What equation do I need to use for this? The head wind part throws me off...
Answers
Answered by
Anonymous
With a 22kt headwind, you have a windspeed over the wings of 22kt even before you start moving. How many more kts of wind speed over the wing are needed for takeoff?
Answered by
Lindsay
43 knots, right?
Answered by
Anonymous
There is missing data. You will need to know the acceleration of the plane.
Answered by
Lindsay
I'm sorry. There was a problem before it where I had to figure out the average acceleration, and that was 1.35 m/s^2. Which fomula can I use to get the length of the runway?
Answered by
Anonymous
The plane needs to accelerate to a ground speed of 43kts (to obtain an airspeed of 65kts).

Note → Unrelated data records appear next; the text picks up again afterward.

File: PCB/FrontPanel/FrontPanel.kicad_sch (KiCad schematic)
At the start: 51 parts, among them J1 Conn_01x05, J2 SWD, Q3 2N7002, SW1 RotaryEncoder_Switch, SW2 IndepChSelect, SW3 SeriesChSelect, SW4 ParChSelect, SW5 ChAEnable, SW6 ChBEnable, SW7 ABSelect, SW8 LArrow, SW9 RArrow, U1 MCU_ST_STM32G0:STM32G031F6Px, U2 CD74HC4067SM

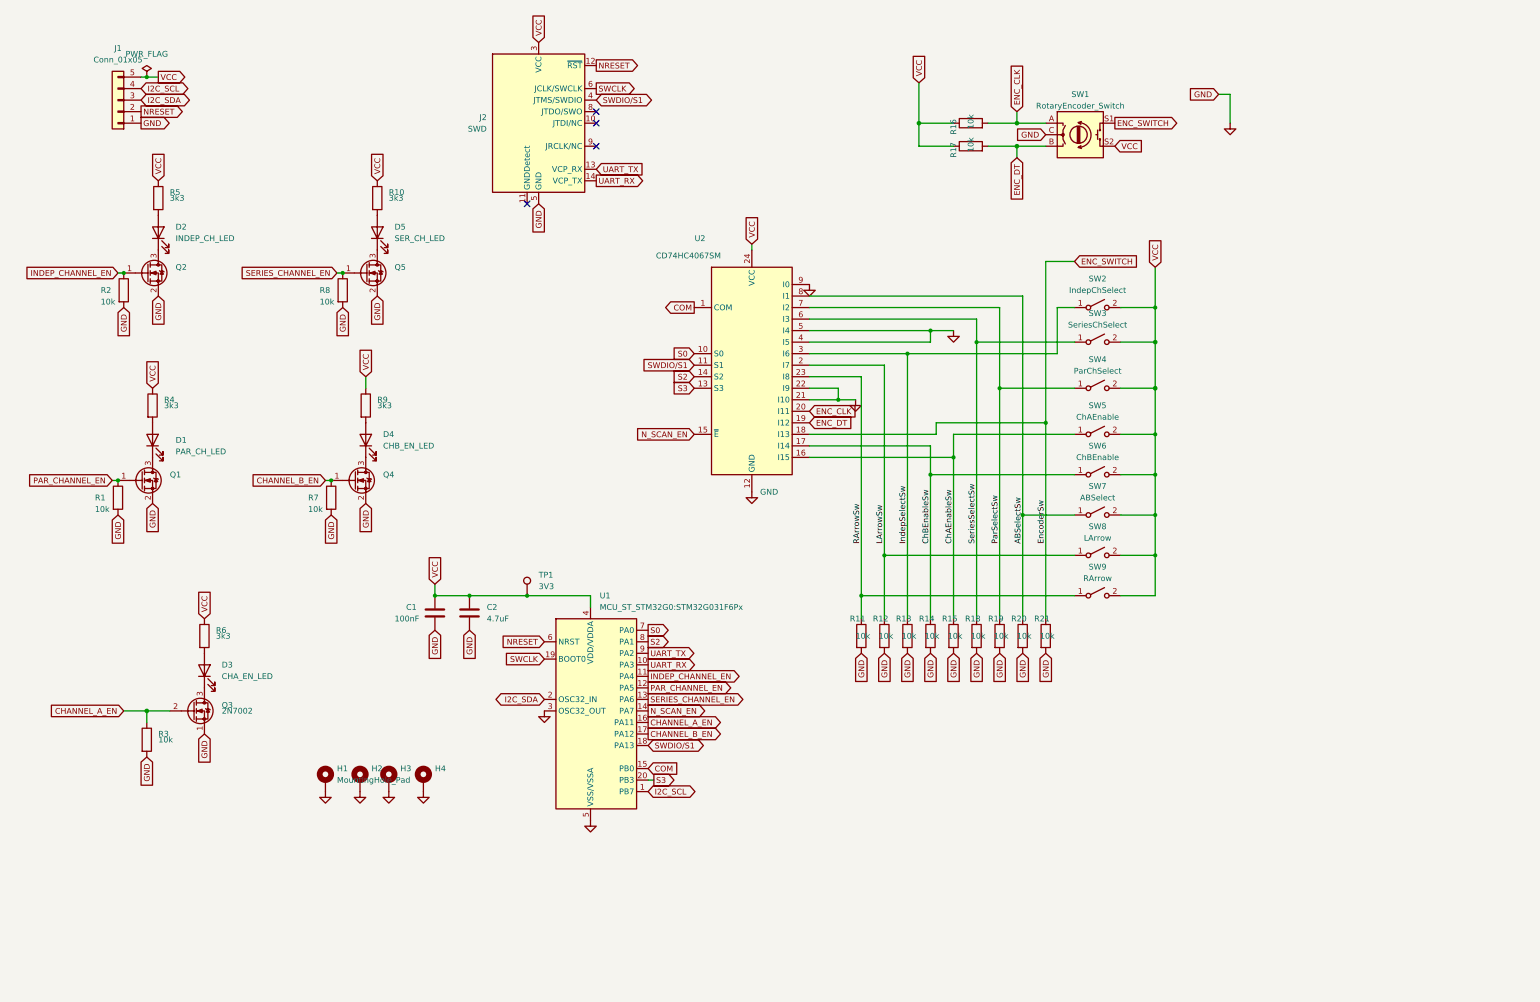
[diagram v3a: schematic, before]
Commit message: Fixes for the front panel
Add a 3V3 regulator to convert the 5V input.
Fix RX/TX mix-up
Fix footprint for one last 2N7002 mosfet
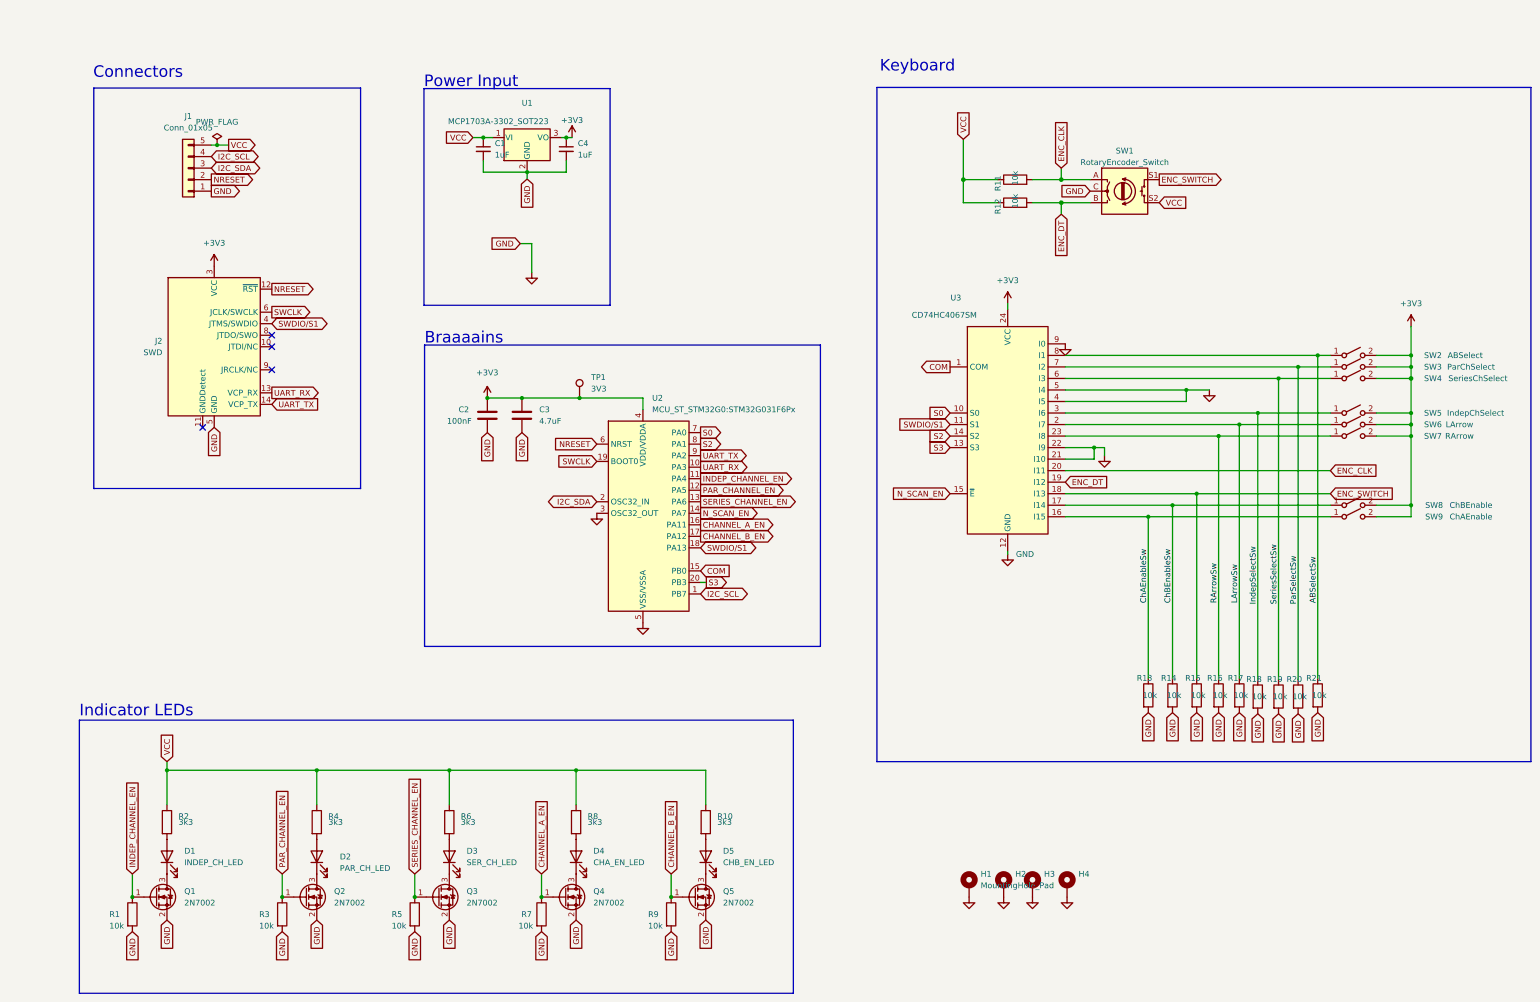
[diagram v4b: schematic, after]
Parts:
- removed Q3: 2N7002, Package_TO_SOT_SMD:SOT-23, symbol Transistor_FET:2N7000
- added C1, C4: 1uF, Capacitor_SMD:C_0805_2012Metric, symbol Device:C_Small
- added Q4: 2N7002, Package_TO_SOT_SMD:SOT-23, symbol Transistor_FET:2N7002
- added U1: MCP1703A-3302_SOT223, Package_TO_SOT_SMD:SOT-223-3_TabPin2, symbol Regulator_Linear:MCP1703A-3302_SOT223
- Q1: renamed from Q2; value (none) -> 2N7002; footprint (none) -> Package_TO_SOT_SMD:SOT-23
- Q2: renamed from Q1; value (none) -> 2N7002; footprint (none) -> Package_TO_SOT_SMD:SOT-23
- Q3: renamed from Q5; value (none) -> 2N7002; footprint (none) -> Package_TO_SOT_SMD:SOT-23
- Q5: renamed from Q4; value (none) -> 2N7002; footprint (none) -> Package_TO_SOT_SMD:SOT-23
- renumbered C1 to C2, C2 to C3, D2 to D1, D1 to D2, D5 to D3, D3 to D4, D4 to D5, R2 to R1, R9 to R10, R16 to R11, R17 to R12, R15 to R13, R21 to R15, R11 to R16, R12 to R17, R13 to R18, R18 to R19, R5 to R2, R19 to R20, R20 to R21, R1 to R3, R8 to R5, R10 to R6, R3 to R7, R6 to R8, R7 to R9, SW7 to SW2, SW4 to SW3, SW3 to SW4, SW2 to SW5, SW8 to SW6, SW9 to SW7, SW6 to SW8, SW5 to SW9, U1 to U2, U2 to U3
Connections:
- net CHANNEL_A_EN: now also Q4.1 (G)
- net GND: now also C1.2, C4.2, Q4.2 (S), U1.2 (GND)
- net UART_RX: now also J2.13 (VCP_RX); no longer J2.14 (VCP_TX)
- net UART_TX: now also J2.14 (VCP_TX); no longer J2.13 (VCP_RX)
- net VCC: now also C1.1, U1.1 (VI); no longer C2.1, C3.1, J2.3 (VCC), SW2.2 (B), SW3.2 (B), SW4.2 (B), SW5.2 (B), SW6.2 (B), SW7.2 (B), SW8.2 (B), SW9.2 (B), TP1.1, U2.4 (VDD/VDDA), U3.24 (VCC)
- net at D4.1 (K): now also Q4.3 (D)
- new net +3V3: C2.1, C3.1, C4.1, J2.3 (VCC), SW2.2 (B), SW3.2 (B), SW4.2 (B), SW5.2 (B), SW6.2 (B), SW7.2 (B), SW8.2 (B), SW9.2 (B), TP1.1, U1.3 (VO), U2.4 (VDD/VDDA), U3.24 (VCC)
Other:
- note added: "Braaaains"
- note added: "Connectors"
- note added: "Indicator LEDs"
- note added: "Keyboard"
- note added: "Power Input"
- moved on the sheet: C2, C3, D1, D2, D3, D4, D5, H1, H2, H3, H4, J1

How many seconds are needed with an acceleration of 1.5m/s^2 to get to a ground speed of 43kts?
Now, when you have found the seconds it takes to reach the required speed, you can put that into the familiar formulat:
distance = (1/2) a * t^2
There is a direct forumla, but it derives from this.
How many seconds are needed with an acceleration of 1.5m/s^2 to get to a ground speed of 43kts?
Now, when you have found the seconds it takes to reach the required speed, you can put that into the familiar formulat:
distance = (1/2) a * t^2
There is a direct forumla, but it derives from this.
Answered by
Lindsay
To get how many seconds, would I have to take the 43 knots and divide it by 1.5?
Answered by
Anonymous
Be careful, you have the correct idea, but 43kts is not the same distance units as 1.35m/s^2. You need to get the speed and the acceleration into the same units.
Answered by
Lindsay
43 knots is 22.097 m/s. So could I now do 22.097 divided by 1.35?
Answered by
Anonymous
Yes, that will work.
Answered by
Lindsay
Ok, so I came up with 16.37 s as my answer for the time.
So I do I simply plug that number into the equation 'distance=1/2 x a x t^2' and that is my runway length?
So I do I simply plug that number into the equation 'distance=1/2 x a x t^2' and that is my runway length?
Answered by
Anonymous
Yes, again remember that you will be getting the answer in meters. Don't forget to convert to feet if the problems requires the solution in feet.
Answered by
Lindsay
THANKS! :)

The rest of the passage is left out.